The whale meanwhile floated serenely in the water, just a few meters away from him. It looked directly at him, at the crowd beside him. Its body was upright in the water, as if it were standing.

“They’re intelligent.” Another swing. “They know too much.” Meanwhile, more people had gathered, in the hall and outside. He continued swinging at the glass. “They’re trapped.” More and more chips kept appearing in the glass. Two men in uniforms with very broad shoulders used them to make their way through the crowd. My friend and I didn’t think to make way for them; we were just as transfixed by this man as everyone else.

“Their brains are trapped in there,” he shouted. The security guards stood on either side of him, though given their size, they may as well have encircled him. “They are trapped in useless bodies. They cannot do anything. Their brains are twice as large as they should be for an animal that size.” They grabbed the man by the shoulders. He resisted, trying to wind his way out of their grasp. “Their bodies are too small for their brains.” He escaped them somehow, lunged aside, still continuing his monologue. “They are trapped in bodies that cannot express what they are thinking and feeling.” The security guards pulled out rubber batons. “Look at them! Look at their faces! They cannot speak” They drove him into a corner. “Look at their fins! They don’t have hands. They don’t even have hands.”

They hit him over the head. He fell to the ground, unconscious. A tiny streak of blood stained the wall behind him. A third and fourth guard came in and pushed the people out towards the hallway. The whale was still floating in that same spot, looking benevolently at the disappearing crowd, smiling. They pushed us out into the hallway and cleaning carts into the room. I could see above the shoulders of the security guards that they mopped up the blood and carried the man out through a side exit.

After this episode, the beluga whale room was closed for the day. The story apparently appeared in the newspaper the day after, although not much of a story developed.
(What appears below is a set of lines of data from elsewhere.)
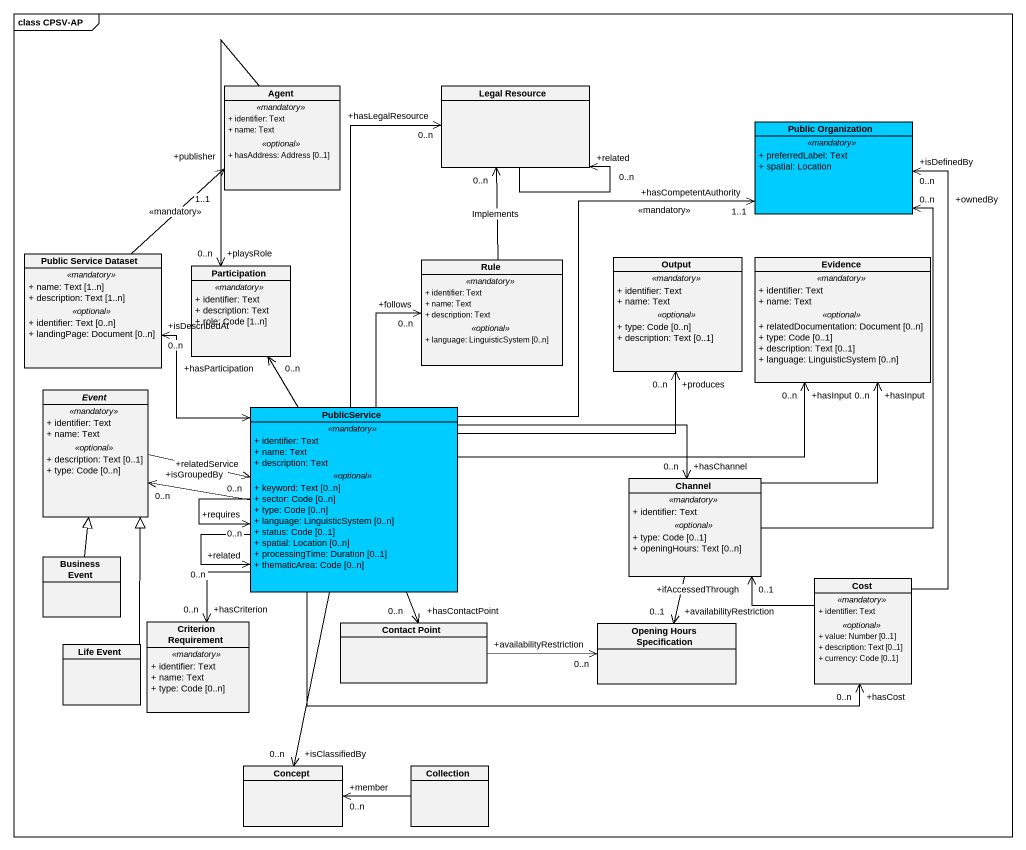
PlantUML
@startuml
mainframe class CPSV-AP
hide circle
hide empty members
skinparam classAttributeIconSize 0
class "Agent" as Agent_ {
  .. <<mandatory>> ..
  + identifier: Text
  + name: Text
  .. <<optional>> ..
  + hasAddress: Address [0..1]
}
class "Legal Resource" as Legal_Resource
class "Public Organization" as Public_Organization #00CCFF {
  .. <<mandatory>> ..
  + preferredLabel: Text
  + spatial: Location
}
class "Public Service Dataset" as Public_Service_Dataset {
  .. <<mandatory>> ..
  + name: Text [1..n]
  + description: Text [1..n]
  .. <<optional>> ..
  + identifier: Text [0..n]
  + landingPage: Document [0..n]
}
class Participation {
  .. <<mandatory>> ..
  + identifier: Text
  + description: Text
  + role: Code [1..n]
}
class Rule {
  .. <<mandatory>> ..
  + identifier: Text
  + name: Text
  + description: Text
  .. <<optional>> ..
  + language: LinguisticSystem [0..n]
}
class Output {
  .. <<mandatory>> ..
  + identifier: Text
  + name: Text
  .. <<optional>> ..
  + type: Code [0..n]
  + description: Text [0..1]
}
class Evidence {
  .. <<mandatory>> ..
  + identifier: Text
  + name: Text
  .. <<optional>> ..
  + relatedDocumentation: Document [0..n]
  + type: Code [0..1]
  + description: Text [0..1]
  + language: LinguisticSystem [0..n]
}
abstract class Event {
  .. <<mandatory>> ..
  + identifier: Text
  + name: Text
  .. <<optional>> ..
  + description: Text [0..1]
  + type: Code [0..n]
}
class PublicService #00CCFF {
  .. <<mandatory>> ..
  + identifier: Text
  + name: Text
  + description: Text
  .. <<optional>> ..
  + keyword: Text [0..n]
  + sector: Code [0..n]
  + type: Code [0..n]
  + language: LinguisticSystem [0..n]
  + status: Code [0..1]
  + spatial: Location [0..n]
  + processingTime: Duration [0..1]
  + thematicArea: Code [0..n]
}
class Channel {
  .. <<mandatory>> ..
  + identifier: Text
  .. <<optional>> ..
  + type: Code [0..1]
  + openingHours: Text [0..n]
}
class "Business Event" as Business_Event
class Cost {
  .. <<mandatory>> ..
  + identifier: Text
  .. <<optional>> ..
  + value: Number [0..1]
  + description: Text [0..1]
  + currency: Code [0..1]
}
class "Criterion Requirement" as Criterion_Requirement {
  .. <<mandatory>> ..
  + identifier: Text
  + name: Text
  + type: Code [0..n]
}
class "Contact Point" as Contact_Point
class "Opening Hours Specification" as Opening_Hours_Specification
class "Life Event" as Life_Event
class Concept
class Collection
Agent_ --> "+playsRole\n0..n" Participation
Legal_Resource --> "+related\n0..n" Legal_Resource
Legal_Resource "0..n" <-- Rule : Implements
Public_Organization "+hasCompetentAuthority\n1..1" <-- PublicService : <<mandatory>>
Public_Service_Dataset -up-> "+publisher\n1..1" Agent_ : <<mandatory>>
Public_Service_Dataset "+isDescribedAt\n0..n" <--> PublicService
Rule "+follows\n0..n" <-- PublicService
Event -right-> "+relatedService\n0..n" PublicService
PublicService -up-> "+hasLegalResource\n0..n" Legal_Resource
PublicService -up-> "+hasParticipation\n0..n" Participation
PublicService -right-> "+produces\n0..n" Output
PublicService -right-> "+hasInput\n0..n" Evidence
PublicService -left-> "+isGroupedBy\n0..n" Event
PublicService --> "+requires\n0..n" PublicService
PublicService --> "+related\n0..n" PublicService
PublicService -right-> "+hasChannel\n0..n" Channel
PublicService -right-> "+hasCost\n0..n" Cost
PublicService --> "+hasCriterion\n0..n" Criterion_Requirement
PublicService --> "+hasContactPoint\n0..n" Contact_Point
PublicService --> "+isClassifiedBy\n0..n" Concept
Channel -up-> "+ownedBy\n0..n" Public_Organization
Channel -up-> "+hasInput\n0..n" Evidence
Channel "+ifAccessedThrough\n0..1" <-- Cost
Channel --> "+availabilityRestriction\n0..1" Opening_Hours_Specification
Business_Event -up-|> Event
Cost -up-> "+isDefinedBy\n0..n" Public_Organization
Contact_Point -right-> "+availabilityRestriction\n0..n" Opening_Hours_Specification
Life_Event -up-|> Event
Collection -left-> "+member\n0..n" Concept
@enduml

It didn’t even give the name of the man; just “a middle-aged man.”

A few months later, I was back in the city on some unrelated business. I had to kill some time around noon and decided to visit the aquarium again, since it was a work day and I hoped to find some peace and quiet in the steady hum of the aquariums. The hallways were indeed almost devoid of visitors and I found myself mesmerized once again by the quiet goings-on in the fish tanks.

On the way back from my tour through the exotic and tropical fishes, I came past the entrance to the beluga whale room and decided to drop by. The incident still popped up in my mind. The room was still the same, but without people it felt very different. The glass had been fixed.

The whale, Nemo, was swimming around its tank. Sometimes it was further away, a white smear moving through ultramarine water. Then, it came closer to the front where I could see it. Its body was big and bulky, almost bloated. It looked misshapen. After a few rounds, it slowed down and stopped in front of me. It floated upright in the water and looked down on me. Its head had a bulbous protrusion at the forehead. Its eyes were tiny black holes, very far apart, sitting on top of an unmoving grin. It looked like an alien, a Martian.

I took a step closer. I felt compelled. I put my hand against the glass. It moved closer, slowly, until its head bumped softly against the glass where my hand rested. In that moment, I saw it. The mammalian skeleton hiding beneath layers of blubber; tiny hands and feet reduced to fins, unable to move or grasp. It opened its mouth in a silent scream. It saw me, saw directly into my soul. It had put its head against my hand. It was trapped in a body that couldn’t express what it was thinking and we had put it in a cage.